I might digress on the subject of rooms. Norman’s was redolent of a smashed culture [. . .] Kingsley’s was also squalid and untidy, but without the debauched culture [. . .] His room, which grew to be our centre, was gradually made chaotic: records, papers, teacups and plates, books borrowed and not returned – all were thrown about the room in astonishing confusion. Nor would his fire ever burn. Nor would his cupboard shut. The scouts had a horror of our rooms. I don’t wonder. Philip’s, on the same staircase as Hilary’s, betrayed no character. It had a picture or two, a few books and a microscope, and mice: it could be very draughty in the winter [. . .] My own room was a mixture of natural chaos and neurotic tidiness – it
looked
untidy, but everything was actually in its place.
28

 

Then he makes an unexpected poetic leap:

 

I learnt something about untidiness when visiting an empty set of rooms in New [College] for some money.
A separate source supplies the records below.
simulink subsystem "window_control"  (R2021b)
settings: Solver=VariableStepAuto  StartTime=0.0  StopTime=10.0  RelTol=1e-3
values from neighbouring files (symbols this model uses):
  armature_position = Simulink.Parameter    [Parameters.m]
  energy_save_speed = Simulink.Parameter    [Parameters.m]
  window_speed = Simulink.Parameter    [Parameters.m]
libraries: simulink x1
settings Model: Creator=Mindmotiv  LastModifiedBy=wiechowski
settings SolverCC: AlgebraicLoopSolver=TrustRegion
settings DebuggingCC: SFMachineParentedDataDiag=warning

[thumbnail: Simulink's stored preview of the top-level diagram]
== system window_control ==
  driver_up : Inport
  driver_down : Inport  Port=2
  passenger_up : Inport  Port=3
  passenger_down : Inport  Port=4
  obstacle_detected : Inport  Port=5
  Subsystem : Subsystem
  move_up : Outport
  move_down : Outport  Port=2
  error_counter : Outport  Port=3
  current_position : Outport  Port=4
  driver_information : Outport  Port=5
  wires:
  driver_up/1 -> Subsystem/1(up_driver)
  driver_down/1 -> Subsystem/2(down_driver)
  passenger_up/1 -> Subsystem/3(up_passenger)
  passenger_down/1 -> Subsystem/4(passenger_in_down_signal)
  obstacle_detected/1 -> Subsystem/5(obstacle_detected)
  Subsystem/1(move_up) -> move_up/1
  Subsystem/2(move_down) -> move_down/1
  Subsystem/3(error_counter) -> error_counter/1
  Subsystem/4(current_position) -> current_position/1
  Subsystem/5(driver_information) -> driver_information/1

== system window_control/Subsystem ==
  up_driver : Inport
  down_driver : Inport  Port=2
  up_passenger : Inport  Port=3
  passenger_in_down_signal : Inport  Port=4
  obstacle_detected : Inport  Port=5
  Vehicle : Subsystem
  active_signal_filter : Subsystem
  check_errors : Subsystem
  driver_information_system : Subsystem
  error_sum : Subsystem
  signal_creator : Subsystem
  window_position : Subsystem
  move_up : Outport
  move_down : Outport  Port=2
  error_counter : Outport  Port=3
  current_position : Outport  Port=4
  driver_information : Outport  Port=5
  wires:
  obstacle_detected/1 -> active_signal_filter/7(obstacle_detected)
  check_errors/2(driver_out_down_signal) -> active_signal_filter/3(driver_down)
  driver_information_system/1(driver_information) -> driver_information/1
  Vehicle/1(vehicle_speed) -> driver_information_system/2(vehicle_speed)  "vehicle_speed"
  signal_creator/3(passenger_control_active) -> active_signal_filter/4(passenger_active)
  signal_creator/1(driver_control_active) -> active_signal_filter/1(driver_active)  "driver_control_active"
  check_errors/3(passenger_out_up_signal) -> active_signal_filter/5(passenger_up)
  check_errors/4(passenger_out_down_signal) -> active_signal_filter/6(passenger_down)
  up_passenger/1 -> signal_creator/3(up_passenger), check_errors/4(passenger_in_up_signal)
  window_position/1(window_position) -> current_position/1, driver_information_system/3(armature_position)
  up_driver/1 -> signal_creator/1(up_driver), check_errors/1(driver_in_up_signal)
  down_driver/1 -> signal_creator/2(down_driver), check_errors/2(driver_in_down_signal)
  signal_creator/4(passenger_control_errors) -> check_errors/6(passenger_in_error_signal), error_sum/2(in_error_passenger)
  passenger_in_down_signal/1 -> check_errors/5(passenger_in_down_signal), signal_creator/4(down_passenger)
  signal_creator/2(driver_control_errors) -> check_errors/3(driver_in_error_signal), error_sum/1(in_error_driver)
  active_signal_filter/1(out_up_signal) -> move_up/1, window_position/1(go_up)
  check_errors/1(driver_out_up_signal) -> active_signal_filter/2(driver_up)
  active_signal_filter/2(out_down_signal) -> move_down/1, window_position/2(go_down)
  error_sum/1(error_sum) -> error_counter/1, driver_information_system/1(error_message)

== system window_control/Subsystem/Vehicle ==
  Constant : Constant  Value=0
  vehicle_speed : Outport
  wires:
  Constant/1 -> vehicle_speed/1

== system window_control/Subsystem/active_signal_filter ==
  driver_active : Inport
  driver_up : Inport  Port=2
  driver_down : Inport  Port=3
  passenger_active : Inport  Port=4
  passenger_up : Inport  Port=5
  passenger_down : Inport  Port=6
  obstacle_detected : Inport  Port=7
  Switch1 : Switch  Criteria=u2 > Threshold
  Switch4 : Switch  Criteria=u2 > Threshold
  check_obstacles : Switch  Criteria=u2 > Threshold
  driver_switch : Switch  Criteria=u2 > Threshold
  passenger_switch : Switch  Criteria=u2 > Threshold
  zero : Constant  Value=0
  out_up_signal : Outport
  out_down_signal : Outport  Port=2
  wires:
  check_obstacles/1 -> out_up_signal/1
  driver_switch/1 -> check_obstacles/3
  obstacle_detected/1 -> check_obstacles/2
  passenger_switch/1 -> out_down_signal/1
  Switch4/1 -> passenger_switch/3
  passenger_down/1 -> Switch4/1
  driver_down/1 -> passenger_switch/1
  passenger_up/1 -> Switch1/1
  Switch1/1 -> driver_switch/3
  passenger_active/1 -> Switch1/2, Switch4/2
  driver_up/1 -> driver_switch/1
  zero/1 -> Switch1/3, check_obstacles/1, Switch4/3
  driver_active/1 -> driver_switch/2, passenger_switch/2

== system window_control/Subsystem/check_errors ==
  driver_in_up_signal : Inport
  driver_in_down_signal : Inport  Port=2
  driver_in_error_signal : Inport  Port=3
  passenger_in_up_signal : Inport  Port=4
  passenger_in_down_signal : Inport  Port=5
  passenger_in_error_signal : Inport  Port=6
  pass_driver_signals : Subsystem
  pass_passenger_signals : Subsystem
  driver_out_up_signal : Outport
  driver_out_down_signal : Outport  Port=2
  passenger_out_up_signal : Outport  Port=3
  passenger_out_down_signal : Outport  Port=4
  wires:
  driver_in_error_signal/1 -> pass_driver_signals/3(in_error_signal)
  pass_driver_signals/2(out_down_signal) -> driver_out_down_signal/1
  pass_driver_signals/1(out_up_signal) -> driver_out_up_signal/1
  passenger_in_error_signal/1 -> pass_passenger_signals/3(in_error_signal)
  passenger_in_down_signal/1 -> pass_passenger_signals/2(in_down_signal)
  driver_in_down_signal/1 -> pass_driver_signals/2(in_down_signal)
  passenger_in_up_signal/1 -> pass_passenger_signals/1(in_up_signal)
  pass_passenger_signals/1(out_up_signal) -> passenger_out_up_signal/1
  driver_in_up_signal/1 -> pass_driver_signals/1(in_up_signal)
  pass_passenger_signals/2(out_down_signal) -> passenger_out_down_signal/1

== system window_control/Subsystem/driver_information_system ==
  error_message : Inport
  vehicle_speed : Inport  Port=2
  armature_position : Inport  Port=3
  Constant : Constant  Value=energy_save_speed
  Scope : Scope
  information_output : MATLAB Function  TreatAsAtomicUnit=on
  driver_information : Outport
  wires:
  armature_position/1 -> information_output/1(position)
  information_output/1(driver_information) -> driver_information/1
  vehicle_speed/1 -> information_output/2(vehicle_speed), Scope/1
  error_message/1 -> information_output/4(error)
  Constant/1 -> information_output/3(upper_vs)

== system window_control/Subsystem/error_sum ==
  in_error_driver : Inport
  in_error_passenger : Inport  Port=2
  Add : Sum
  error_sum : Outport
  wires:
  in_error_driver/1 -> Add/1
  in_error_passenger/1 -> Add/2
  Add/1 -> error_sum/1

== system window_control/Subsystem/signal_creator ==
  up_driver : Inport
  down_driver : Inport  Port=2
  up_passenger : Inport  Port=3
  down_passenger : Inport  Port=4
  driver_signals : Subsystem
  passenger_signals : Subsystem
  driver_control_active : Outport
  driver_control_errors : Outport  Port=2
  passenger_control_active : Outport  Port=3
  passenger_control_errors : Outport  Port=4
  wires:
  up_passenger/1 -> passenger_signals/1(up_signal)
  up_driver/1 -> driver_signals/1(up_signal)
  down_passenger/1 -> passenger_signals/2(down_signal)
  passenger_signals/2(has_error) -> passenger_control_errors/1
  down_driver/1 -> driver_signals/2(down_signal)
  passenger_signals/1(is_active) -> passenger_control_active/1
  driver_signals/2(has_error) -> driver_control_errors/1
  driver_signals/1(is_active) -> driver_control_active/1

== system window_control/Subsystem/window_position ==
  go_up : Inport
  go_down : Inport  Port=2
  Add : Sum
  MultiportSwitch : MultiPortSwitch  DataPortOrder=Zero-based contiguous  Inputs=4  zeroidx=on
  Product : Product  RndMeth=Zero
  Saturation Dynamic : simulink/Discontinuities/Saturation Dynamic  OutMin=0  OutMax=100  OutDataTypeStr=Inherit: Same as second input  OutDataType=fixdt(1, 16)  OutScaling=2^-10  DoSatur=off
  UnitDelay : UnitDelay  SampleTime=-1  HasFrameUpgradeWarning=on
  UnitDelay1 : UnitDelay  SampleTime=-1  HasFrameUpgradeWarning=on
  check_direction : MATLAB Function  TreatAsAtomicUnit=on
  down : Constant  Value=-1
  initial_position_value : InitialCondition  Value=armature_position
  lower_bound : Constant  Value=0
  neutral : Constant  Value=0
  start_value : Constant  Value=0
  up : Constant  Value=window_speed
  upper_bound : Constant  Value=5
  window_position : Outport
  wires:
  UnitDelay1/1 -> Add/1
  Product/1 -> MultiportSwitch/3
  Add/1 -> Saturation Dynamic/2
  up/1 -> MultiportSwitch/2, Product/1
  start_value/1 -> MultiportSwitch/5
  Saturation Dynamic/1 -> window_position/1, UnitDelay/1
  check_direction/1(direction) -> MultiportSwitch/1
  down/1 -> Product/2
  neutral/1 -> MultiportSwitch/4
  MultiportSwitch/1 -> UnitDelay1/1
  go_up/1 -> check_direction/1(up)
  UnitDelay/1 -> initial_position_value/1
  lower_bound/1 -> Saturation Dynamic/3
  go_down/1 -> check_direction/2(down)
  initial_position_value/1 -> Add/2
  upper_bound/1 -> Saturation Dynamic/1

Needless to say, the owner was out, but the room was
expensively
untidy, with dozens of delicious books jumbled everywhere, mixed with letters, bottles, invitations, rackets, records, more books, and to top it all a chessboard with men neatly arranged to suggest a game or problem still in progress, ledged on the corner of a trunk.
29

 

He is entranced by a glimpse of the deserted room of someone he will never meet. The inscrutable chessboard on the trunk has the air of a poetic symbol.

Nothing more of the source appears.